# Melting the fragrance out of beeswax



## Beemom

Greetings All,
I just watched a video interview with a fellow from Yankee Candle Company. He warned against using candle warmers because as the wax is warmed, the scent is released from the melted wax. When the wax cools and solidifies, it is essentially unscented. On the other hand, (lit) candles burn off the melted wax, thus, when the candle is relit there is always scent (previously unmelted wax) to throw scent into air. My question is, can the beeswax honey fragrance ever be melted off during the rendering process at a high enough temperature over enough time? When cleaning my wax, I first put it through a water bath to warm at 190 degrees, strain water/wax through a 600-400 micron filter into a bucket to cool.
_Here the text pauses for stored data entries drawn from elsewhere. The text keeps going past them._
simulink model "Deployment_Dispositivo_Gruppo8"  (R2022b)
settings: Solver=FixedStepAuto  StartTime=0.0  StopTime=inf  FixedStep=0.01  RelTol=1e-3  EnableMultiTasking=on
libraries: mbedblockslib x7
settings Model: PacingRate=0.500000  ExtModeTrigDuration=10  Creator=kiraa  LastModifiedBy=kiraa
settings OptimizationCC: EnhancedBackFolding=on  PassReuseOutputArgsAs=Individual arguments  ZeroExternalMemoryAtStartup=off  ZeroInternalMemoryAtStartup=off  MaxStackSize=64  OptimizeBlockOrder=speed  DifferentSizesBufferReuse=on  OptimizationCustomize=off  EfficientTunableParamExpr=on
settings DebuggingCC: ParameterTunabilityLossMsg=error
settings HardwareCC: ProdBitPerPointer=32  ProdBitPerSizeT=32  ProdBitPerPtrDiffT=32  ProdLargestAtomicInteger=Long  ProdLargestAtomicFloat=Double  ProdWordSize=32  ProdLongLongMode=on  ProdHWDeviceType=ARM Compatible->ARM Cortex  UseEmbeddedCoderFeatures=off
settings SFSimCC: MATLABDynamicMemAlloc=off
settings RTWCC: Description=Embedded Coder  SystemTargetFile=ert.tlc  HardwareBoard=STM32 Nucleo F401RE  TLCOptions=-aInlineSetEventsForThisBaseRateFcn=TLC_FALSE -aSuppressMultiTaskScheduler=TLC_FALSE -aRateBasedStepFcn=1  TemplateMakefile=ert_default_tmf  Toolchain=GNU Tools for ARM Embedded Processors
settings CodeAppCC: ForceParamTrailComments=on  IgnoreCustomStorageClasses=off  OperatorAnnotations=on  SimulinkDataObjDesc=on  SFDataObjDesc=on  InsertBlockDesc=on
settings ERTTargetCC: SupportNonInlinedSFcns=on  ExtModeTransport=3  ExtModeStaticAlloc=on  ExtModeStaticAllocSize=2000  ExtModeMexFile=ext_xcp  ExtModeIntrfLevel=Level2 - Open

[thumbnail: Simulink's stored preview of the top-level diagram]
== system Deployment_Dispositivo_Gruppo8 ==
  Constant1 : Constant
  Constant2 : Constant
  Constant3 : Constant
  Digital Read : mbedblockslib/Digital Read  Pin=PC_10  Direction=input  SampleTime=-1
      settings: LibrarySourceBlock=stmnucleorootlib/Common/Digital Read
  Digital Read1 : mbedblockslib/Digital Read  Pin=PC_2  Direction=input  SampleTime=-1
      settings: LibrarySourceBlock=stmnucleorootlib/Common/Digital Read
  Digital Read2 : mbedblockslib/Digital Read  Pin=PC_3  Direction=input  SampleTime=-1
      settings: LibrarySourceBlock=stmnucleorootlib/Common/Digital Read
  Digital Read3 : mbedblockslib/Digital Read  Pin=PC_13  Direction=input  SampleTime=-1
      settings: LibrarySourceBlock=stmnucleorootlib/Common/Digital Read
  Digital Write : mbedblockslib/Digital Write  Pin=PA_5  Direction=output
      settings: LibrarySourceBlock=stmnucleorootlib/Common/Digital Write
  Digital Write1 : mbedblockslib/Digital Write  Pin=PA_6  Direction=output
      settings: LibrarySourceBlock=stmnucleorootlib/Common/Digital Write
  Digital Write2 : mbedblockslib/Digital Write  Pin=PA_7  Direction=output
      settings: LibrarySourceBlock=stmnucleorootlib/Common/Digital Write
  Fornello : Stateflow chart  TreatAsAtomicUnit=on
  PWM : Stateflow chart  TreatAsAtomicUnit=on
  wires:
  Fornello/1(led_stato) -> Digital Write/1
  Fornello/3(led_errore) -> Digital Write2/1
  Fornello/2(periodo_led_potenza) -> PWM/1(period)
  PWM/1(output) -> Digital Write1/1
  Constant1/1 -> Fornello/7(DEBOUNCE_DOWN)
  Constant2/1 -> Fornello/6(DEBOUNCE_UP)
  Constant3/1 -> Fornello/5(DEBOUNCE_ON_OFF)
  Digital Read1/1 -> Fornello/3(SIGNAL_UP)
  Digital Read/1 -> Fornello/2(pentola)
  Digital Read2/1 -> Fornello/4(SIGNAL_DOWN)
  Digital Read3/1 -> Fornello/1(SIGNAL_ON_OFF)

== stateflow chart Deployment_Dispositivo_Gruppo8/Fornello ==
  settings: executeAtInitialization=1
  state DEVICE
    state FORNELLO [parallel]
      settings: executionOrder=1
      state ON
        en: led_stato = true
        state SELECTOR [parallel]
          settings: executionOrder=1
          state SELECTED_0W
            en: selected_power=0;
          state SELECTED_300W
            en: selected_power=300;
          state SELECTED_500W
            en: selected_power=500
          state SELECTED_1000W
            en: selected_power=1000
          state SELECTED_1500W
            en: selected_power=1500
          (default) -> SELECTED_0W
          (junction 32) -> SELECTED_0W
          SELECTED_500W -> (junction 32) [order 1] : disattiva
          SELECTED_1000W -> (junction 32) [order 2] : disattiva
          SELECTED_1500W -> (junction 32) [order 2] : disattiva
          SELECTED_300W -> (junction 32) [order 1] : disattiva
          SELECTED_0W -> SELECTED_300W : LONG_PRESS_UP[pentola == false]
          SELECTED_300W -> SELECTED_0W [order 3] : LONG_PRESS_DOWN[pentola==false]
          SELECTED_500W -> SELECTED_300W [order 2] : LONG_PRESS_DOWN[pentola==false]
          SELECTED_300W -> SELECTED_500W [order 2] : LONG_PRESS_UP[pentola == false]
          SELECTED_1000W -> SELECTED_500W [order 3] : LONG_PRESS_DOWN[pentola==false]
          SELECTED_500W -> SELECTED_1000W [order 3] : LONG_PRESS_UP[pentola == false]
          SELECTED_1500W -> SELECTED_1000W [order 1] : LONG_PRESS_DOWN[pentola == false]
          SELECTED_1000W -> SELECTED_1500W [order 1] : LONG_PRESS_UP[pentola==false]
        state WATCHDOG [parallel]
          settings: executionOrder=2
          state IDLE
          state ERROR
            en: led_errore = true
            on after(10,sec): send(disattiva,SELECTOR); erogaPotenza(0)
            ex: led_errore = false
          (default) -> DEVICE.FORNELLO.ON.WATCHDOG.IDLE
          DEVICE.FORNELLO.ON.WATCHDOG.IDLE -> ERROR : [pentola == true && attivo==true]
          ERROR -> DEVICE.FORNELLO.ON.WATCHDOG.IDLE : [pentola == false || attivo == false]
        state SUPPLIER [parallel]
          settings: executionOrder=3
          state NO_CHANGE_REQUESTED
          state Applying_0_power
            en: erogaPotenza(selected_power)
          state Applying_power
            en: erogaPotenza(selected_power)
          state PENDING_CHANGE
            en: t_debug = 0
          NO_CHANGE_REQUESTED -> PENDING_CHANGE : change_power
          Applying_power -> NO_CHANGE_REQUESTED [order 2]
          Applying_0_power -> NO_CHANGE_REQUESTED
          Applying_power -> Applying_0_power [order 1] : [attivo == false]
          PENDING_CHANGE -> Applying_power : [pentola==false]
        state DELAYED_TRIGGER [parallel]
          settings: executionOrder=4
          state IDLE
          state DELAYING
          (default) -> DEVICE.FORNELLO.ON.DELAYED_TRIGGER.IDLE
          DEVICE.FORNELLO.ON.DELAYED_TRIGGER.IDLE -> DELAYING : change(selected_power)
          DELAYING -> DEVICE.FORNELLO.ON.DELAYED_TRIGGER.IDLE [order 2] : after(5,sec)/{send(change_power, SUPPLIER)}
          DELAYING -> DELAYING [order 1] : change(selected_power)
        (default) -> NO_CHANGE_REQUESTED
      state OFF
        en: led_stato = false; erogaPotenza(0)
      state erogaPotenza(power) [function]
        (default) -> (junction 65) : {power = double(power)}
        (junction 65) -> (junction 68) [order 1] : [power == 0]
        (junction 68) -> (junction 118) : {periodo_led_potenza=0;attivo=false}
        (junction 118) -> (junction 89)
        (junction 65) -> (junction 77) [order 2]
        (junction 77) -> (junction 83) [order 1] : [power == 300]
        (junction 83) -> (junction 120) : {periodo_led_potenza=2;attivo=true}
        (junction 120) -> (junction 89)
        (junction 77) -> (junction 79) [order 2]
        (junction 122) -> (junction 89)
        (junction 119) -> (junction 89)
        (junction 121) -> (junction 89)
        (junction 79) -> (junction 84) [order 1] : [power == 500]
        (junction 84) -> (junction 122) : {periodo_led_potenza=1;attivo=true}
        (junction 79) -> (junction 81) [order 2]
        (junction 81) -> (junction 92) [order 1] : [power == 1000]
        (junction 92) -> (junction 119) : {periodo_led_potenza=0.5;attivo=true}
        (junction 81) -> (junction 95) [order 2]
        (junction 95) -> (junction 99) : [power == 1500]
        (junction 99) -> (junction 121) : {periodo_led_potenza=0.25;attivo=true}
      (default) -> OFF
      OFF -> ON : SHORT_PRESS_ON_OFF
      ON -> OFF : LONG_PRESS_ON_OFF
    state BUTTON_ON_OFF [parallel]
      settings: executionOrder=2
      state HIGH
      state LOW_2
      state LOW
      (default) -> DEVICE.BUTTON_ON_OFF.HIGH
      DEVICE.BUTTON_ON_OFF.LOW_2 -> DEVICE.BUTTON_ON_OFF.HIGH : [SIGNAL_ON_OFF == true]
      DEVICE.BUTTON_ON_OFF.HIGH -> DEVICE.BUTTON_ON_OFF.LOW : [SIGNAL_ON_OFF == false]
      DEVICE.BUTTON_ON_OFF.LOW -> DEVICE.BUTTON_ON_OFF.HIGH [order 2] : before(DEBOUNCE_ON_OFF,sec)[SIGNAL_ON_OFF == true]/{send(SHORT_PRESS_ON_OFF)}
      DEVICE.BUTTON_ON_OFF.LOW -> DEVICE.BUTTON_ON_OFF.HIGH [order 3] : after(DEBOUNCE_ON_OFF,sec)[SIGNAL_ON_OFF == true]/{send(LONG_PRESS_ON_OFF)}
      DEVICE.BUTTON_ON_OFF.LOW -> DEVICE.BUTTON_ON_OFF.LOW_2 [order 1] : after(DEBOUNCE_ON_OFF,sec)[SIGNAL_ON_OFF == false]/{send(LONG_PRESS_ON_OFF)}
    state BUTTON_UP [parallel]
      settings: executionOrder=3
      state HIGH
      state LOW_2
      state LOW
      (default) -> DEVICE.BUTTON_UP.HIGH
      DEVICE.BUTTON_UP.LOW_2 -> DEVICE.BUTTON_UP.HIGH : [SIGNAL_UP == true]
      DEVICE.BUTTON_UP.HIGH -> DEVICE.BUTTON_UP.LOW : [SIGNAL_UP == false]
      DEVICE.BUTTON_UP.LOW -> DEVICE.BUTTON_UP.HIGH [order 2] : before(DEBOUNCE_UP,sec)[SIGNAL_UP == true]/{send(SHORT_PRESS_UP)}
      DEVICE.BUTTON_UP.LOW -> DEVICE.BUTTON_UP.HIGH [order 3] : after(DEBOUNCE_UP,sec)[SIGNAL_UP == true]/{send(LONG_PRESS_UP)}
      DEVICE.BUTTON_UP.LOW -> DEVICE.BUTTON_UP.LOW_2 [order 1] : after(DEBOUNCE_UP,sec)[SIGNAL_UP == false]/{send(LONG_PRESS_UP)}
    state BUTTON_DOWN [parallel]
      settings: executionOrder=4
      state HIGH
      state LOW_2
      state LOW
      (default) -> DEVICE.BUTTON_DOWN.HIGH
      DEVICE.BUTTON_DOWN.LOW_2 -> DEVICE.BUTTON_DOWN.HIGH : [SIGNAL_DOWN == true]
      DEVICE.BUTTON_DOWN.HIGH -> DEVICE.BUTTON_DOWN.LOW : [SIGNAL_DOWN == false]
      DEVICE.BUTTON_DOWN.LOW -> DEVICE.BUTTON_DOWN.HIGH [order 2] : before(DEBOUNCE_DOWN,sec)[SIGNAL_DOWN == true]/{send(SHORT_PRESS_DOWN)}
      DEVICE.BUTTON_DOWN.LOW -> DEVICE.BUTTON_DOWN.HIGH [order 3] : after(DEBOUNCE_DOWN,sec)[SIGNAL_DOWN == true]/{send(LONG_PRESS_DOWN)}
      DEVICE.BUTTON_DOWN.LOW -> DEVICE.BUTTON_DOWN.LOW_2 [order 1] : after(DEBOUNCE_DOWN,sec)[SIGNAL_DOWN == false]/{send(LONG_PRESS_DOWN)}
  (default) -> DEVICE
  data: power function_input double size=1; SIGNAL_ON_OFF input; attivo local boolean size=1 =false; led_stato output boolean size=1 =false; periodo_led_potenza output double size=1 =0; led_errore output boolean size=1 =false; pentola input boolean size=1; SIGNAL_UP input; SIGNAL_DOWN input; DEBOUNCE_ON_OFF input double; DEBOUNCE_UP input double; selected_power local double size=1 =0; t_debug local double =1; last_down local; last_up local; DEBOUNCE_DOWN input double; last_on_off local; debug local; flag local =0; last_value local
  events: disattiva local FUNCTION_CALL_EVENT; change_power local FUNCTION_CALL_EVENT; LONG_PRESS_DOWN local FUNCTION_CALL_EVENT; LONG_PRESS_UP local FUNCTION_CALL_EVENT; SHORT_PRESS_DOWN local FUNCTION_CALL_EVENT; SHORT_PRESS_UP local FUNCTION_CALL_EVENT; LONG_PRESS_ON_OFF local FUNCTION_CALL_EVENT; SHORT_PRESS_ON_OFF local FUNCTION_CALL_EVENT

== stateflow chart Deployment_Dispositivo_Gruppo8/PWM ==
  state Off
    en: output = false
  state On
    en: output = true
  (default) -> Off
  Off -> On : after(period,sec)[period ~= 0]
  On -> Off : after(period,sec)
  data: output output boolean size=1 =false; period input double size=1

Then I drain water, scrap off the slumgum, and reheat wax in a small amount of water at 160 degrees for 2-3 days to allow fine debris to settle. I pour off wax from the top spigot of my wax separator, and strain through a grease filter if needed. My wax is clean, but I think it's at the expense of the lovely fragrance. It could be my imagination, though. I sniff so much beeswax, I can hardly detect frangrance from unprocessed wax. Am I overdoing the cleaning? Is it possible to lose the frangrance? Thanks much!
P.S. My two 12 year-old sons and I attended a bee keeping class last Saturday. We were so inspired that we joined the San Mateo County Beekeepers Guild and signed up to purchase 3 hives. My sons are beesily buzzing away building our top bar hives


----------



## sqkcrk

I have no reason to believe that the natural aroma of beeswax can be removed from the wax. I have been around wax rendering plants. They run steam thru the vats to render comb and slum gum and that it pretty hot. There is plenty of the original odor left. I'm pretty sure that the guy is refering to artificially added fragrances.


----------



## JohnK and Sheri

I am not sure if beeswax scent can be destroyed by heating, I would doubt it. Yankee candle is using scented oils and they will disperse and evaporate when heated. That is why you always add the scent right before pouring, to give the least amount of time for the scent to disperse.
Beeswax has it's own integral fragrance, I have never found melting to diminish the smell, at least not the way we handle it. However, it may not be necessary for you to heat it for such a long time. 160 for three days? That seems excessive to me, not to mention expensive, energywise. 
We routinely melt the water-bath-cleaned wax for it's final filter without water and have found debris generally settles out quickly, in a couple hours or less, at about 180 and what doesn't settle gets taken out by the filter. We do tilt the melter back and pour slowly so what settles doesn't get swept out the nozzle during the pour. All the wax goes through a double grease filter, into the pour pots, then into molds. 
Every dozen or so cycles we clean the settled debris from the melter.
Sheri


----------



## HONEYDEW

Yes the wax will loose its beeswax smell after some time, I kept my melter running through the holidays (yes expensive) at about 160 deg. and the last 30lbs stayed at that temp for over 2 weeks ..forgot it was on :doh: and it now smells like paraffin sorta. So it is now going to be "scented" beeswax candles


----------



## Ben Brewcat

Anytime you smell something, it's because some of the fragrance has left the source material. Open up a solar melter and you'll see what we mean . However, I've run wax through the solar, then re-rendered for filtering, then made candles and they still have fragrance. Heck, I have blocks of wax laying around that have to have been melted a good few times and they still have the "stuff".

Sounds like marketing hooey. Unless you do a two-week bake in a melter , most any reasonably-treated wax should have fragrance intact.


----------